WHAT YOU SHOULD DO: Give all of the listing again word for word, with images excluded.

RECORDS SHOWN:
____________________

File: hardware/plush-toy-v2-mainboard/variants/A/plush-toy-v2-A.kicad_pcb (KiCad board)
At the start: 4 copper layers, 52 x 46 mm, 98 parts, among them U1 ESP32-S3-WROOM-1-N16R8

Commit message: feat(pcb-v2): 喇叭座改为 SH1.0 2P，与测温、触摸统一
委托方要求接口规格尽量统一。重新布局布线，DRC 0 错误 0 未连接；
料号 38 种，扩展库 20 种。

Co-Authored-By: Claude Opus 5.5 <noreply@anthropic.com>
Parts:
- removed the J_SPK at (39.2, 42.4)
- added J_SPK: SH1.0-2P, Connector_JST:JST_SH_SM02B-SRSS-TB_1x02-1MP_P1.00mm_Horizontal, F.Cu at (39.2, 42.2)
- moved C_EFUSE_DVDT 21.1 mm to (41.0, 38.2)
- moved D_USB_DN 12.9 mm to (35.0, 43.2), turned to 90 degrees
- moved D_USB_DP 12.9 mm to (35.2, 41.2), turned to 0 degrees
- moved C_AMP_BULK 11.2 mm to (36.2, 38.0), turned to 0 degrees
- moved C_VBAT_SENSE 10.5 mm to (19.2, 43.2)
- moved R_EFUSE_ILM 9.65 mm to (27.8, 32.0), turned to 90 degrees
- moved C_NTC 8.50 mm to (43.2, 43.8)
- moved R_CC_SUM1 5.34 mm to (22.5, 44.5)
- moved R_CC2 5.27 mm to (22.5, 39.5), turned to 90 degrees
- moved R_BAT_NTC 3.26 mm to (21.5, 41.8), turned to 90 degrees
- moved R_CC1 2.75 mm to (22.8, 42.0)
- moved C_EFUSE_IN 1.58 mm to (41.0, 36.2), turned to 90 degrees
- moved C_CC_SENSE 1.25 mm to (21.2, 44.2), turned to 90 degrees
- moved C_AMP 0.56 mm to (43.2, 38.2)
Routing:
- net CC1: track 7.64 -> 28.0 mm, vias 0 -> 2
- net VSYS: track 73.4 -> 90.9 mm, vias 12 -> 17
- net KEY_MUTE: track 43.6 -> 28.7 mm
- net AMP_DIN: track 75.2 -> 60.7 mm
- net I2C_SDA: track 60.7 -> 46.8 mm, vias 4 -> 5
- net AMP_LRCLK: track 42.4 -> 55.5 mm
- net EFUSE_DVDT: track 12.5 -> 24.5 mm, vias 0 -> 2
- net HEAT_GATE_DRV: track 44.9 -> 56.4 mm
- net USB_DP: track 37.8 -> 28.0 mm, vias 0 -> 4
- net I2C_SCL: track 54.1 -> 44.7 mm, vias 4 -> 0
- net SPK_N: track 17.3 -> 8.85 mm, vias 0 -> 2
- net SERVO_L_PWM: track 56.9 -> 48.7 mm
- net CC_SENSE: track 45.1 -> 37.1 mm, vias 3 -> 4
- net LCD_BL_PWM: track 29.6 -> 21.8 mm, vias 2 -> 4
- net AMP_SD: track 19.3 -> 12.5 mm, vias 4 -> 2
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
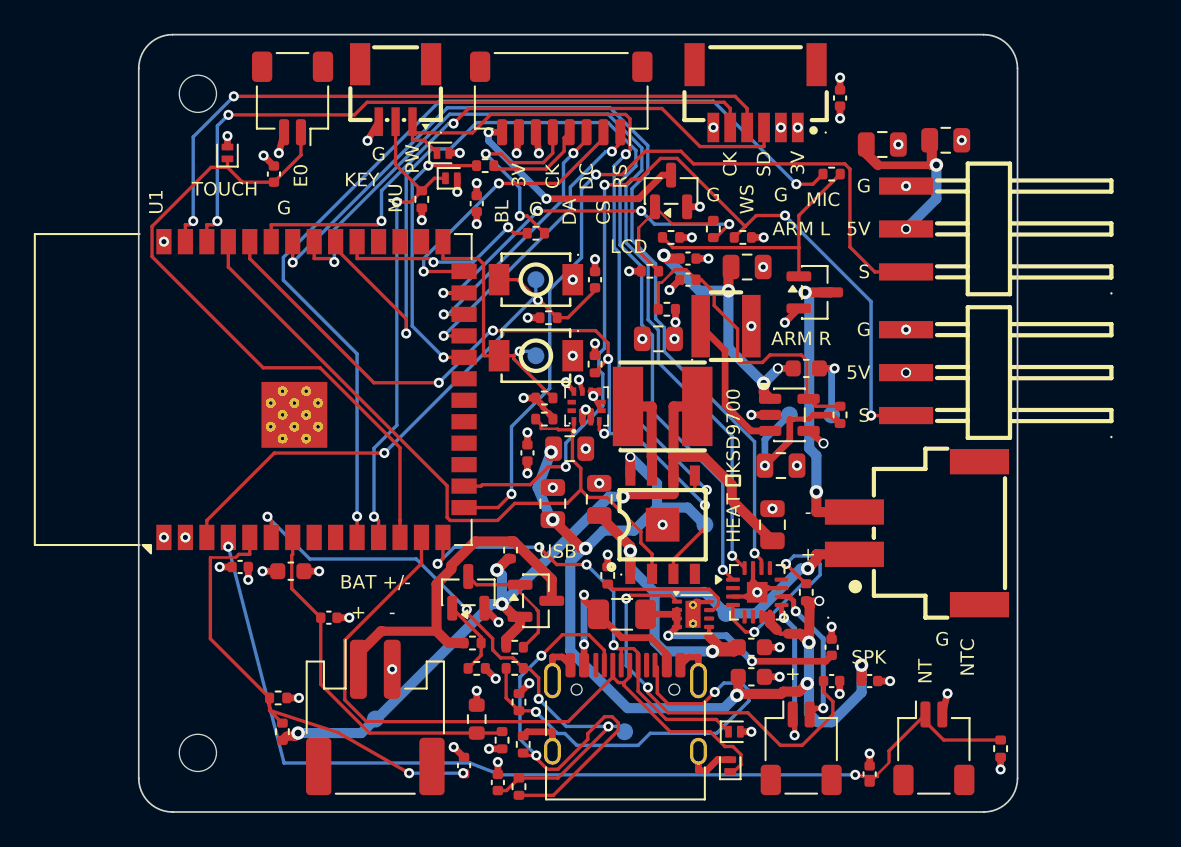
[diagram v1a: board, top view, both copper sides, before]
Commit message: fix(pcb-v2): 版本 A 去耦布局复查修正，板子加宽到 54×46
复查发现去耦电容只按「附近」放（降压高频电容离引脚 9.9mm、反馈网络 10mm），DRC 查不出。
- 去耦件按引脚就近、同侧放置并加测试（第一颗 ≤3mm，储能 ≤6mm，降压高频电容地焊盘也贴地脚）
- 放置顺序：去耦 → 引脚标注 → 储能电容 → 功能名（长的先排、不得印到邻座旁）→ 其余
- In2 改 VSYS L 形 + 3V3 整层低优先级：降压输出焊盘直接进 3V3 平面，VSYS 不再走细线
- 补线器检查孔距，hole_to_hole 按错误处理；降压热回路表层直连 1.2mm
- 电池座换国产 HX PH2.0-2PWT（C22461285），单板器件费约 $13.1
- 新测试：焊盘间距、功率网络细线、出线座卧式且开口朝板边、功能名归属
- 委托方同意加宽 2mm：54×46mm，一期面积的 46%；DRC 0 错误 0 未连接

Co-Authored-By: Claude Opus 5.5 <noreply@anthropic.com>
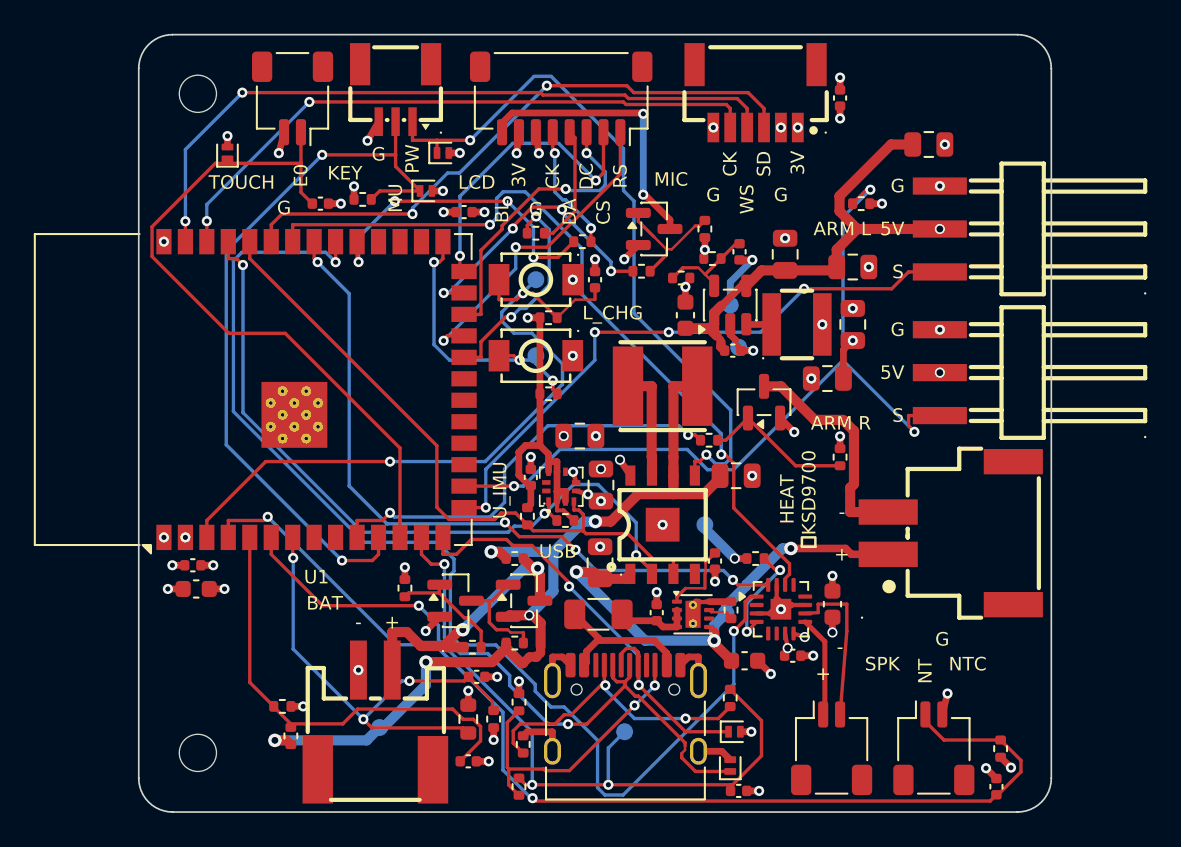
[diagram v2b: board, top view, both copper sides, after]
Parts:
- removed the J_BAT at (14.0, 40.4)
- added J_BAT: BAT PH2.0, plushv2:CONN-SMD_2P-P2.00_HANXIA_HX-PH2.0-2PWT, F.Cu at (14.0, 40.5)
- moved R_GATE 17.3 mm to (33.8, 24.0)
- moved R_GATE_PD 16.4 mm to (41.5, 25.0), turned to 90 degrees
- moved C_CC_SENSE 14.3 mm to (35.5, 44.8), turned to 0 degrees
- moved R_CC_SUM1 13.6 mm to (35.0, 39.2)
- moved C_SERVO1 13.0 mm to (46.8, 6.50)
- moved R_FB1 11.9 mm to (34.0, 13.2), turned to 0 degrees
- moved C_SERVO3 11.7 mm to (38.2, 13.0), turned to 90 degrees
- moved C_EFUSE_IN 10.6 mm to (30.6, 34.2)
- moved C_BUCK_OUT2 10.3 mm to (40.8, 20.4), turned to 180 degrees
- moved C_EFUSE_DVDT 9.90 mm to (34.1, 31.1), turned to -90 degrees
- moved R_SDA 9.85 mm to (23.0, 28.5)
- moved C_BAT_NTC 9.42 mm to (20.0, 38.0)
- moved C_BUCK_OUT1 9.37 mm to (42.2, 17.1), turned to 90 degrees
- moved C_BUCK_IN 7.81 mm to (32.4, 16.6), turned to 90 degrees
- moved R_EFUSE_ILM 7.58 mm to (35.0, 34.0)
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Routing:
- net VSYS: track 90.9 -> 35.3 mm, vias 17 -> 9
- net HEAT_GATE_DRV: track 56.4 -> 25.4 mm
- net EFUSE_DVDT: track 24.5 -> 4.48 mm, vias 2 -> 0
- net KEY_MUTE: track 28.7 -> 44.7 mm
- net BUCK_FB: track 19.1 -> 6.02 mm
- net SERVO_L_PWM: track 48.7 -> 36.2 mm, vias 2 -> 4
- net AMP_BCLK: track 54.2 -> 42.6 mm, vias 2 -> 4
- net CC_SENSE: track 37.1 -> 48.3 mm, vias 4 -> 3
- net CC1: track 28.0 -> 18.0 mm
- net CC2: track 27.1 -> 17.6 mm
- net VBUS_FUSED: track 14.0 -> 4.56 mm, vias 2 -> 0
- net AMP_LRCLK: track 55.5 -> 46.2 mm
- net USB_DN: track 41.8 -> 33.1 mm, vias 0 -> 2
- net EN: track 34.8 -> 43.4 mm
- net AMP_DIN: track 60.7 -> 69.1 mm
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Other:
- board size 52 x 46 mm -> 54 x 46 mm
- board text added: "BAT"
- board text removed: "BAT +/-"

____________________

SOLUTION:
File: hardware/plush-toy-v2-mainboard/variants/A/plush-toy-v2-A.kicad_pcb (KiCad board)
At the start: 4 copper layers, 52 x 46 mm, 98 parts, among them U1 ESP32-S3-WROOM-1-N16R8

Commit message: feat(pcb-v2): 喇叭座改为 SH1.0 2P，与测温、触摸统一
委托方要求接口规格尽量统一。重新布局布线，DRC 0 错误 0 未连接；
料号 38 种，扩展库 20 种。

Co-Authored-By: Claude Opus 5.5 <noreply@anthropic.com>
Parts:
- removed the J_SPK at (39.2, 42.4)
- added J_SPK: SH1.0-2P, Connector_JST:JST_SH_SM02B-SRSS-TB_1x02-1MP_P1.00mm_Horizontal, F.Cu at (39.2, 42.2)
- moved C_EFUSE_DVDT 21.1 mm to (41.0, 38.2)
- moved D_USB_DN 12.9 mm to (35.0, 43.2), turned to 90 degrees
- moved D_USB_DP 12.9 mm to (35.2, 41.2), turned to 0 degrees
- moved C_AMP_BULK 11.2 mm to (36.2, 38.0), turned to 0 degrees
- moved C_VBAT_SENSE 10.5 mm to (19.2, 43.2)
- moved R_EFUSE_ILM 9.65 mm to (27.8, 32.0), turned to 90 degrees
- moved C_NTC 8.50 mm to (43.2, 43.8)
- moved R_CC_SUM1 5.34 mm to (22.5, 44.5)
- moved R_CC2 5.27 mm to (22.5, 39.5), turned to 90 degrees
- moved R_BAT_NTC 3.26 mm to (21.5, 41.8), turned to 90 degrees
- moved R_CC1 2.75 mm to (22.8, 42.0)
- moved C_EFUSE_IN 1.58 mm to (41.0, 36.2), turned to 90 degrees
- moved C_CC_SENSE 1.25 mm to (21.2, 44.2), turned to 90 degrees
- moved C_AMP 0.56 mm to (43.2, 38.2)
Routing:
- net CC1: track 7.64 -> 28.0 mm, vias 0 -> 2
- net VSYS: track 73.4 -> 90.9 mm, vias 12 -> 17
- net KEY_MUTE: track 43.6 -> 28.7 mm
- net AMP_DIN: track 75.2 -> 60.7 mm
- net I2C_SDA: track 60.7 -> 46.8 mm, vias 4 -> 5
- net AMP_LRCLK: track 42.4 -> 55.5 mm
- net EFUSE_DVDT: track 12.5 -> 24.5 mm, vias 0 -> 2
- net HEAT_GATE_DRV: track 44.9 -> 56.4 mm
- net USB_DP: track 37.8 -> 28.0 mm, vias 0 -> 4
- net I2C_SCL: track 54.1 -> 44.7 mm, vias 4 -> 0
- net SPK_N: track 17.3 -> 8.85 mm, vias 0 -> 2
- net SERVO_L_PWM: track 56.9 -> 48.7 mm
- net CC_SENSE: track 45.1 -> 37.1 mm, vias 3 -> 4
- net LCD_BL_PWM: track 29.6 -> 21.8 mm, vias 2 -> 4
- net AMP_SD: track 19.3 -> 12.5 mm, vias 4 -> 2

[diagram v1a: board, top view, both copper sides, before]
Commit message: fix(pcb-v2): 版本 A 去耦布局复查修正，板子加宽到 54×46
复查发现去耦电容只按「附近」放（降压高频电容离引脚 9.9mm、反馈网络 10mm），DRC 查不出。
- 去耦件按引脚就近、同侧放置并加测试（第一颗 ≤3mm，储能 ≤6mm，降压高频电容地焊盘也贴地脚）
- 放置顺序：去耦 → 引脚标注 → 储能电容 → 功能名（长的先排、不得印到邻座旁）→ 其余
- In2 改 VSYS L 形 + 3V3 整层低优先级：降压输出焊盘直接进 3V3 平面，VSYS 不再走细线
- 补线器检查孔距，hole_to_hole 按错误处理；降压热回路表层直连 1.2mm
- 电池座换国产 HX PH2.0-2PWT（C22461285），单板器件费约 $13.1
- 新测试：焊盘间距、功率网络细线、出线座卧式且开口朝板边、功能名归属
- 委托方同意加宽 2mm：54×46mm，一期面积的 46%；DRC 0 错误 0 未连接

Co-Authored-By: Claude Opus 5.5 <noreply@anthropic.com>
[diagram v2b: board, top view, both copper sides, after]
Parts:
- removed the J_BAT at (14.0, 40.4)
- added J_BAT: BAT PH2.0, plushv2:CONN-SMD_2P-P2.00_HANXIA_HX-PH2.0-2PWT, F.Cu at (14.0, 40.5)
- moved R_GATE 17.3 mm to (33.8, 24.0)
- moved R_GATE_PD 16.4 mm to (41.5, 25.0), turned to 90 degrees
- moved C_CC_SENSE 14.3 mm to (35.5, 44.8), turned to 0 degrees
- moved R_CC_SUM1 13.6 mm to (35.0, 39.2)
- moved C_SERVO1 13.0 mm to (46.8, 6.50)
- moved R_FB1 11.9 mm to (34.0, 13.2), turned to 0 degrees
- moved C_SERVO3 11.7 mm to (38.2, 13.0), turned to 90 degrees
- moved C_EFUSE_IN 10.6 mm to (30.6, 34.2)
- moved C_BUCK_OUT2 10.3 mm to (40.8, 20.4), turned to 180 degrees
- moved C_EFUSE_DVDT 9.90 mm to (34.1, 31.1), turned to -90 degrees
- moved R_SDA 9.85 mm to (23.0, 28.5)
- moved C_BAT_NTC 9.42 mm to (20.0, 38.0)
- moved C_BUCK_OUT1 9.37 mm to (42.2, 17.1), turned to 90 degrees
- moved C_BUCK_IN 7.81 mm to (32.4, 16.6), turned to 90 degrees
- moved R_EFUSE_ILM 7.58 mm to (35.0, 34.0)
Routing:
- net VSYS: track 90.9 -> 35.3 mm, vias 17 -> 9
- net HEAT_GATE_DRV: track 56.4 -> 25.4 mm
- net EFUSE_DVDT: track 24.5 -> 4.48 mm, vias 2 -> 0
- net KEY_MUTE: track 28.7 -> 44.7 mm
- net BUCK_FB: track 19.1 -> 6.02 mm
- net SERVO_L_PWM: track 48.7 -> 36.2 mm, vias 2 -> 4
- net AMP_BCLK: track 54.2 -> 42.6 mm, vias 2 -> 4
- net CC_SENSE: track 37.1 -> 48.3 mm, vias 4 -> 3
- net CC1: track 28.0 -> 18.0 mm
- net CC2: track 27.1 -> 17.6 mm
- net VBUS_FUSED: track 14.0 -> 4.56 mm, vias 2 -> 0
- net AMP_LRCLK: track 55.5 -> 46.2 mm
- net USB_DN: track 41.8 -> 33.1 mm, vias 0 -> 2
- net EN: track 34.8 -> 43.4 mm
- net AMP_DIN: track 60.7 -> 69.1 mm
Other:
- board size 52 x 46 mm -> 54 x 46 mm
- board text added: "BAT"
- board text removed: "BAT +/-"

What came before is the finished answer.